Report each line from the listing that the string "edges" appears in.

Given information Start Marker

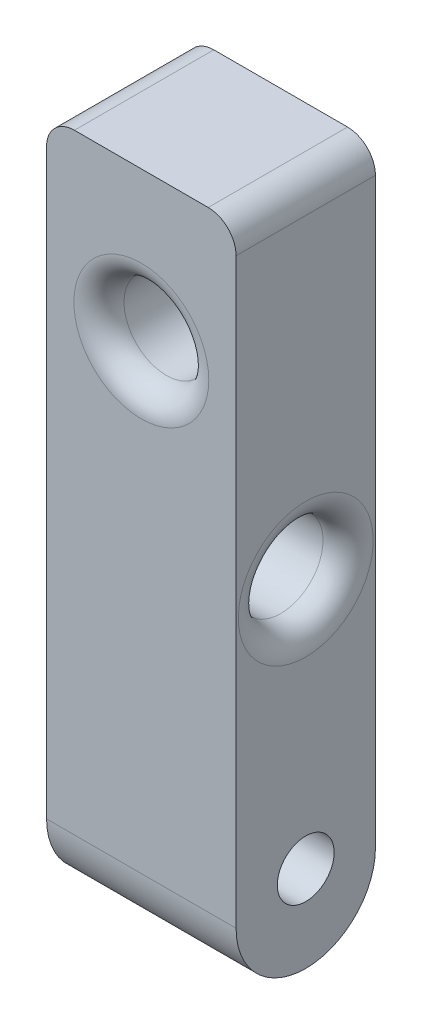
SolidWorks part; units mm, degrees
ref_plane "Front" through (0, 0, 0) normal (0, 0, 1) x (1, 0, 0)
ref_plane "Top" through (0, 0, 0) normal (0, 1, 0) x (1, 0, 0)
ref_plane "Right" through (0, 0, 0) normal (1, 0, 0) x (0, 0, -1)
sketch "Sketch1" plane through (0, 0, 0) normal (0, 0, 1) x (1, 0, 0)
  line L1 (-17, 61) -> (17, 61)
  line L2 (-17, 61) -> (-17, -61)
  line L3 (-17, -61) -> (17, -61)
  line L4 (17, 61) -> (17, -61)
  line L5 (-17, 61) -> (17, -61) construction
  line L6 (-17, -61) -> (17, 61) construction
  circle A0 centre (0, 34.25) radius 7.6
  point P0 (0, 0)
  point P8 (0, -61)
  dimension "D3" = 15.2
  dimension "D1" = 34
  dimension "D2" = 122
  dimension "D4" = 26.75
extrude "Boss-Extrude1" add sketch "Sketch1" along normal blind 25
sketch "Sketch3" plane through (17, 0, 0) normal (1, 0, 0) x (0, 0, -1)
  line L0 (-25, 61) -> (0, 61) construction
  circle A0 centre (-12.5, -0.5) radius 7.6
  circle A1 centre (-12.5, -45.5) radius 5.1
  dimension "D1" = 61.5
  dimension "D2" = 45
  dimension "D3" = 15.2
  dimension "D4" = 10.2
extrude "Cut-Extrude2" cut sketch "Sketch3" against normal through all
sketch "Sketch6" plane through (0, 0, 0) normal (0, 0, -1) x (-1, 0, 0)
  line L0 (17, -61) -> (-17, -61) construction
  circle A0 centre (0, -23) radius 4.1
  dimension "D1" = 38
  dimension "D2" = 8.2
extrude "Cut-Extrude5" cut sketch "Sketch6" against normal blind 18
sketch "Sketch7" plane through (-17, 0, 0) normal (-1, 0, 0) x (0, 0, 1)
  circle A0 centre (12.5, -45.5) radius 11.1
  dimension "D1" = 22.2
extrude "Cut-Extrude6" cut sketch "Sketch7" against normal blind 3.5
sketch "Sketch8" plane through (-13.5, 0, 0) normal (-1, 0, 0) x (0, 0, 1)
  circle A0 centre (12.5, -37.5) radius 1.4
  circle A1 centre (12.5, -45.5) radius 5.1 construction
  circle A2 centre (12.5, -45.5) radius 5.5 construction
  circle A3 centre (20.5, -45.5) radius 1.4
  circle A4 centre (12.5, -53.5) radius 1.4
  circle A5 centre (4.5, -45.5) radius 1.4
  dimension "D1" = 8
  dimension "D3" = 2.8
  dimension "D2" = 4
extrude "Cut-Extrude7" cut sketch "Sketch8" against normal blind 10
fillet "Fillet1" radius 4.5 3 edges at (17, 7.1, 12.5) (-17, 7.1, 12.5) (7.6, 34.25, 25)
fillet "Fillet2" radius 5 2 edges at (17, 61, 12.5) (-17, 61, 12.5)
fillet "Fillet3" 2 edges at (0, -61, 25) (0, -61, 0) type full round first side face at (12.1, 34.25, 25) second side face at (-4.1, -23, 0) middle face at (0, -61, 12.5)

Given information End Marker

Result.
fillet "Fillet1" radius 4.5 3 edges at (17, 7.1, 12.5) (-17, 7.1, 12.5) (7.6, 34.25, 25)
fillet "Fillet2" radius 5 2 edges at (17, 61, 12.5) (-17, 61, 12.5)
fillet "Fillet3" 2 edges at (0, -61, 25) (0, -61, 0) type full round first side face at (12.1, 34.25, 25) second side face at (-4.1, -23, 0) middle face at (0, -61, 12.5)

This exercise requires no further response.